In order to determine \(n\), let us represent \(h_0\) by the equation

\[ h_0 = \beta(x)e^{-\alpha(x)/RT}, \tag{6} \]

where \(\beta(x)\) and \(\alpha(x)\) are certain functions of \(x\).

Equations (5) and (6) give:

\[ k = B\beta^n(x)e^{-[A(x)+n\alpha(x)]/RT}. \tag{7} \]

Consequently,

\[ k = F(x)e^{-E(x)/RT}, \tag{8} \]

where \(F(x)\), the observed pre-exponential factor, and \(E(x)\), the observed activation energy, are expressed as follows:

\[ F(x)=B\beta^n(x), \tag{9} \]

\[ E(x)=A(x)+n\alpha(x). \tag{10} \]

To determine \(n\), it is convenient to use the logarithmic form of equation (9):

\[ \log F(x)=\log B+n\log \beta. \tag{11} \]

The quantities \(\log \beta\) are calculated from the acidity function and its temperature dependence by means of the equation

\[ \log \beta=-H_{0}-T\left(\frac{\partial H_{0}}{\partial T}\right)_{x}, \tag{12} \]

which follows from (6).

Tables 1 and 2 give the values of \(\log \beta\) at \(20^\circ\), calculated from the experimental data \((^{4})\).

Table 1

System \(\mathrm{H_2SO_4—H_2O}\)

Table 2

System \(\mathrm{P_2O_5—H_2O}\)

The quantities \(\log \beta\) are somewhat less accurate than \(H_{0}\). The determination of \(F\) from kinetic data is also less accurate than the determination of \(k\). Therefore a graphical plot of \(\log F, \log \beta\) gives a greater scatter of points than a plot of \(\log k, H_{0}\).

Fig. 2

In Fig. 2 the points correspond to the experimental data on the decomposition of formic acid \((^{3})\), and the straight lines to the value \(n=1\). Despite the considerable scatter of points in the case of the \(\mathrm{P_2O_5—H_2O}\) system, it may be concluded that the reaction proceeds through a reversible protonation stage, in which only one proton is attached to the reacting molecule.
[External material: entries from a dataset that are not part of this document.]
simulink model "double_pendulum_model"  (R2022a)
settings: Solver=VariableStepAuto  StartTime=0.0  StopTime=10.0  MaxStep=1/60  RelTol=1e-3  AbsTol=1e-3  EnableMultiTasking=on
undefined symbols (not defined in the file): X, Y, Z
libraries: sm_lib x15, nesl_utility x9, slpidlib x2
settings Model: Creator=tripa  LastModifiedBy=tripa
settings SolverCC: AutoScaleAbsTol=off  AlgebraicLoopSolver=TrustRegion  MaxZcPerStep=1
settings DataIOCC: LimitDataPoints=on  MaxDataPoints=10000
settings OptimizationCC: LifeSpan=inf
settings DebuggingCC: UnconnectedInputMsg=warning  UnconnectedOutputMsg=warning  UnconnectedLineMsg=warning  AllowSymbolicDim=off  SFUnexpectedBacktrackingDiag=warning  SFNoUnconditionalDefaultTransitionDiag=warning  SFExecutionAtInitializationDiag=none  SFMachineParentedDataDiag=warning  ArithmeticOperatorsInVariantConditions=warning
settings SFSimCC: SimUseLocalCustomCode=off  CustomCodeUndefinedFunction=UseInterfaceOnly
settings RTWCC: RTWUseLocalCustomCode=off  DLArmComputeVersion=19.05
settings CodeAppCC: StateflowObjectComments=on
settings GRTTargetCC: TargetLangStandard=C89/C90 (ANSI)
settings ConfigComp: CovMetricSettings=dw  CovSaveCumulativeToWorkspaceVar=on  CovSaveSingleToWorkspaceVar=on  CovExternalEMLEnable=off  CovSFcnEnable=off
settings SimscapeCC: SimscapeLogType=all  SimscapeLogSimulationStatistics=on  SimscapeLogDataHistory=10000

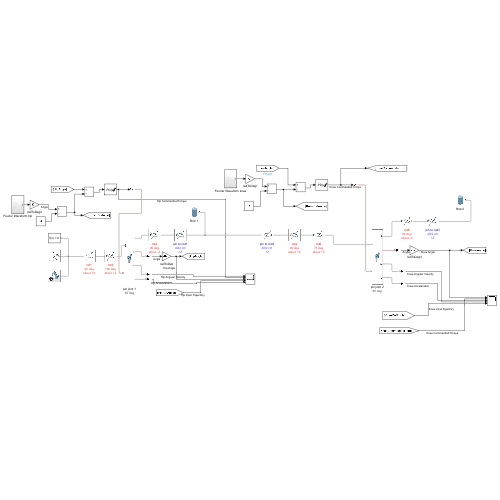
[thumbnail: Simulink's stored preview of the top-level diagram]
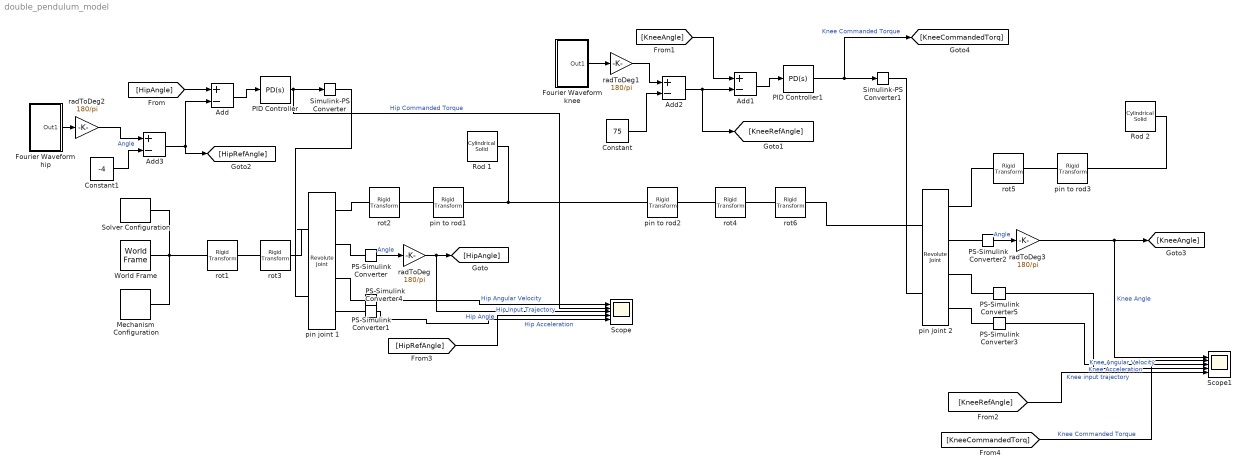
== system double_pendulum_model ==
  Add{,1..3} (4 alike) : Sum  Inputs=+-
  Constant : Constant  Value=75  SampleTime=-1
  Constant1 : Constant  Value=-4  SampleTime=-1
  Fourier Waveform hip : Subsystem
  Fourier Waveform knee : Subsystem
  Mechanism Configuration : sm_lib/Utilities/Mechanism Configuration  UniformGravity=Constant  GravityVector=[0 0 -9.81]  GravityUnits=m/s^2  LinearizationDelta=0.001  JointModeTransitionNonlinearIterations=2
  PID Controller : slpidlib/PID Controller  Controller=PD  Form=Parallel  TimeDomain=Continuous-time  UseExternalTs=off  SampleTime=-1  IntegratorMethod=Forward Euler  FilterMethod=Forward Euler  ControllerParametersSource=internal  P=-23.3308490537665  I=-3.87247530193336  UseKiTs=off  D=-1.5  N=1747.15655402676  UseFilter=on  TunerSelectOption=Transfer Function Based (PID Tuner App)  InitialConditionSource=internal  InitialConditionForIntegrator=0  InitialConditionForFilter=0  DifferentiatorICPrevScaledInput=0  ExternalReset=none  TrackingMode=off  Kt=1  LimitOutput=on  SatLimitsSource=internal  UpperSaturationLimit=20  LowerSaturationLimit=-20  LinearizeAsGain=on  AntiWindupMode=none  Kb=1  POutMin=[]  POutMax=[]  IOutMin=[]  IOutMax=[]  DOutMin=[]  DOutMax=[]  NOutMin=[]  NOutMax=[]  SumOutMin=[]  SumOutMax=[]  SaturationOutMin=[]  SaturationOutMax=[]  PParamMin=[]  PParamMax=[]  IParamMin=[]  IParamMax=[]  DParamMin=[]  DParamMax=[]  NParamMin=[]  NParamMax=[]  KbParamMin=[]  KbParamMax=[]  KtParamMin=[]  KtParamMax=[]  KbOutMin=[]  KbOutMax=[]  KtOutMin=[]  KtOutMax=[]  IntegratorOutMin=[]  IntegratorOutMax=[]  FilterOutMin=[]  FilterOutMax=[]  SumI1OutMin=[]  SumI1OutMax=[]  SumI2OutMin=[]  SumI2OutMax=[]  SumI3OutMin=[]  SumI3OutMax=[]  SumI4OutMin=[]  SumI4OutMax=[]  SumDOutMin=[]  SumDOutMax=[]  DifferentiatorOutMin=[]  DifferentiatorOutMax=[]  FilterDiffOutCoefMin=[]  FilterDiffOutCoefMax=[]  ReciprocalOutMin=[]  ReciprocalOutMax=[]  SumDenOutMin=[]  SumDenOutMax=[]  SumNumOutMin=[]  SumNumOutMax=[]  DivideOutMin=[]  DivideOutMax=[]  UdiffTsProdOutMin=[]  UdiffTsProdOutMax=[]  NTsProdOutMin=[]  NTsProdOutMax=[]  UintegralTsProdOutMin=[]  UintegralTsProdOutMax=[]  UngainTsProdOutMin=[]  UngainTsProdOutMax=[]  IntegratorContinuousStateAttributes=''  IntegratorStateMustResolveToSignalObject=off  IntegratorRTWStateStorageClass=Auto  FilterContinuousStateAttributes=''  FilterStateMustResolveToSignalObject=off  FilterRTWStateStorageClass=Auto  ParallelPVariant=InternalParameters  IdealPVariant=Disabled  IVariant=Disabled  DVariant=InternalParameters  IntegratorVariant=Disabled  SatVariant=Enabled  AWVariant=Disabled  PCopyVariant=Disabled  TRVariant=Disabled  FdbkBlocksVariant=Forward  IdealPFdbkVariant=Disabled  SatFdbkVariant=Disabled  DerivativeFilterVariant=ContFilter  NVariant=InternalParameters  NCopyVariant=Disabled  FilterICVariant=InternalICsFilter  IntegratorICVariant=Disabled  ExternalResetVariant=Disabled  TRSumVariant=Passthrough  SumFdbkVariant=Disabled  SumVariant=Sum_PD  TsampFilterVariant=InternalTs  TsampNgainVariant=Passthrough  TsampIntegralVariant=Disabled_SignalSpec  ExternalSaturationOutDataTypeStr=Inherit: Same as second input  aMode=0
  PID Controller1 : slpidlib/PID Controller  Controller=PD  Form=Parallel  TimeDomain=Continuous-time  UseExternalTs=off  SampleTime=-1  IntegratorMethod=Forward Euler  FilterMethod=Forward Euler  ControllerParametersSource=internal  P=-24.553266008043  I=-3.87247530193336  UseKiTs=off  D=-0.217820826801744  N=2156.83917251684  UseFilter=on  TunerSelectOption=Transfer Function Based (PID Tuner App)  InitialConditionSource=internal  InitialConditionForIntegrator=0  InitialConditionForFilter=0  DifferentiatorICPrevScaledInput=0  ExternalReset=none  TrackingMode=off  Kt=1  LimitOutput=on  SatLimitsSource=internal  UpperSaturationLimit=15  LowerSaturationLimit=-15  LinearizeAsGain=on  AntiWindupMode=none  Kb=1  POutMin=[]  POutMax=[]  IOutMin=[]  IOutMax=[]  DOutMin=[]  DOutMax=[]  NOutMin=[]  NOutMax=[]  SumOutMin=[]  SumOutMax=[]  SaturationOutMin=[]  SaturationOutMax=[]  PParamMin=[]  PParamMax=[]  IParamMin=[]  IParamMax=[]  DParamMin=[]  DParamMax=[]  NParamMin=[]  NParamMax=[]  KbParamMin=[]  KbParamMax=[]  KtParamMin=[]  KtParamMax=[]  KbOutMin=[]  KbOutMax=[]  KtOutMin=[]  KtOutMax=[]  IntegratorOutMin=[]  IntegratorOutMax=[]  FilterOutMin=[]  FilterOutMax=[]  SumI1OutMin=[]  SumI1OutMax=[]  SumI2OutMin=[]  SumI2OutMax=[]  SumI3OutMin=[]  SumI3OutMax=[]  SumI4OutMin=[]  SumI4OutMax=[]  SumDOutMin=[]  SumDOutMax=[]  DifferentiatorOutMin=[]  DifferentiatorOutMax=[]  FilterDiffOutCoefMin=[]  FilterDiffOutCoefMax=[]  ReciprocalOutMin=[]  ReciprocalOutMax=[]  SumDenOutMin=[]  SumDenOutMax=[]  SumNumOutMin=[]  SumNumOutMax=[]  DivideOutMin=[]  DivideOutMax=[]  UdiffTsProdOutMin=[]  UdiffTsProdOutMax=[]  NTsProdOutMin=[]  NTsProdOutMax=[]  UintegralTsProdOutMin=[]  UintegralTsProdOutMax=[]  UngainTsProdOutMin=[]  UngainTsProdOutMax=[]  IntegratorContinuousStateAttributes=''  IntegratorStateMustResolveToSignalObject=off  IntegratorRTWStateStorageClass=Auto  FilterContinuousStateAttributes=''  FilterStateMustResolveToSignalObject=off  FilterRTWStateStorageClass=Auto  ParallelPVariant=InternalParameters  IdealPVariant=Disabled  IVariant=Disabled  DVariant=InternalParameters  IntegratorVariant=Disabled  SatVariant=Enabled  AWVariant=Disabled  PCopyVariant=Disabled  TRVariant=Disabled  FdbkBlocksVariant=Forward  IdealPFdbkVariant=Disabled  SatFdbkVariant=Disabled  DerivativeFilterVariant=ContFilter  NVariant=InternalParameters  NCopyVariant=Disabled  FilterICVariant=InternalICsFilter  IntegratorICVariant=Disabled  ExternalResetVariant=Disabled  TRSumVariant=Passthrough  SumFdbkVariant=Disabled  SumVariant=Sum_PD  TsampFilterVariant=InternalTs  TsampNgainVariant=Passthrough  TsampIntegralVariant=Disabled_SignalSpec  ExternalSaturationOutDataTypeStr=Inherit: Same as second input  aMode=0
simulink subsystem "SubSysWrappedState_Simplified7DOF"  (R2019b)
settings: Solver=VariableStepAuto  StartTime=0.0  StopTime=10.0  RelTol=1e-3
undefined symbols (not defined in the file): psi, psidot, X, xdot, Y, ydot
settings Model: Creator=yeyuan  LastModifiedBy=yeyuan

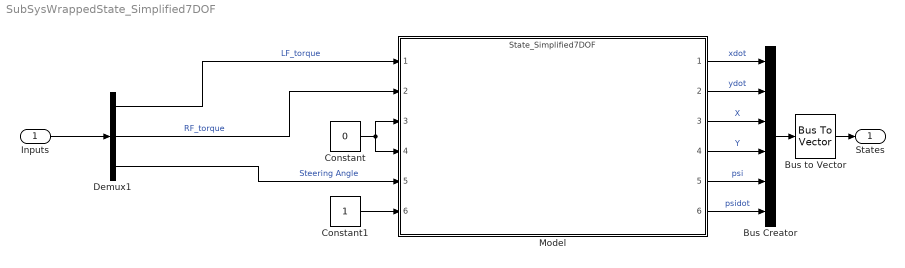
== system SubSysWrappedState_Simplified7DOF ==
  Inputs : Inport
  Bus Creator : BusCreator  Inputs=xdot,ydot,X,Y,psi,psidot
  Bus to Vector : BusToVector
  Constant : Constant  Value=0
  Constant1 : Constant
  Demux1 : Demux  Outputs=3
  Model : ModelReference  ModelNameDialog=State_Simplified7DOF.slx  SimulationMode=Normal  ModelReferenceVersion=1.13
  States : Outport  SignalName=States
  wires:
  Demux1/2 -> Model/2  "RF_torque"
  Model/5 -> Bus Creator/5  "psi"
  Model/6 -> Bus Creator/6  "psidot"
  Model/4 -> Bus Creator/4  "Y"
  Model/2 -> Bus Creator/2  "ydot"
  Demux1/3 -> Model/5  "Steering Angle"
  Constant1/1 -> Model/6
  Model/1 -> Bus Creator/1  "xdot"
  Constant/1 -> Model/4, Model/3
  Demux1/1 -> Model/1  "LF_torque"
  Model/3 -> Bus Creator/3  "X"
  Inputs/1 -> Demux1/1
  Bus Creator/1 -> Bus to Vector/1
  Bus to Vector/1 -> States/1

This is confirmed by the constancy of the values of \(B\), calculated from equation (5) with \(n=1\) at different \(x\) \((^{3})\).

The significant deviation of the value of $n$ from 1, observed in a number of cases when $n$ was determined from equation (4), is apparently a consequence of neglecting the influence of the acid concentration on the activation energy of the reaction.

Determination of $n$ from equation (11) is, in principle, more correct than determination from equation (4), but it imposes considerably higher requirements on the experimental data.

Scientific Research
Physico-Chemical Institute
named after L. Ya. Karpov

Received
16 VII 1957

CITED LITERATURE

1. L. P. Hammett, A. J. Deyrup, J. Am. Chem. Soc., 54, 2721 (1932); L. P. Hammett, Physical Organic Chemistry, London, 1940.
2. W. Elliott, D. Hammick, J. Chem. Soc., 1951, 3402.
3. A. I. Gelbshtein, G. G. Shcheglova, M. I. Temkin, ZhFKh, 30, 2267 (1956).
4. A. I. Gelbshtein, G. G. Shcheglova, M. I. Temkin, Zhurn. neorg. khim., 1, 282 (1956); 1, 506 (1956); DAN, 107, 108 (1956).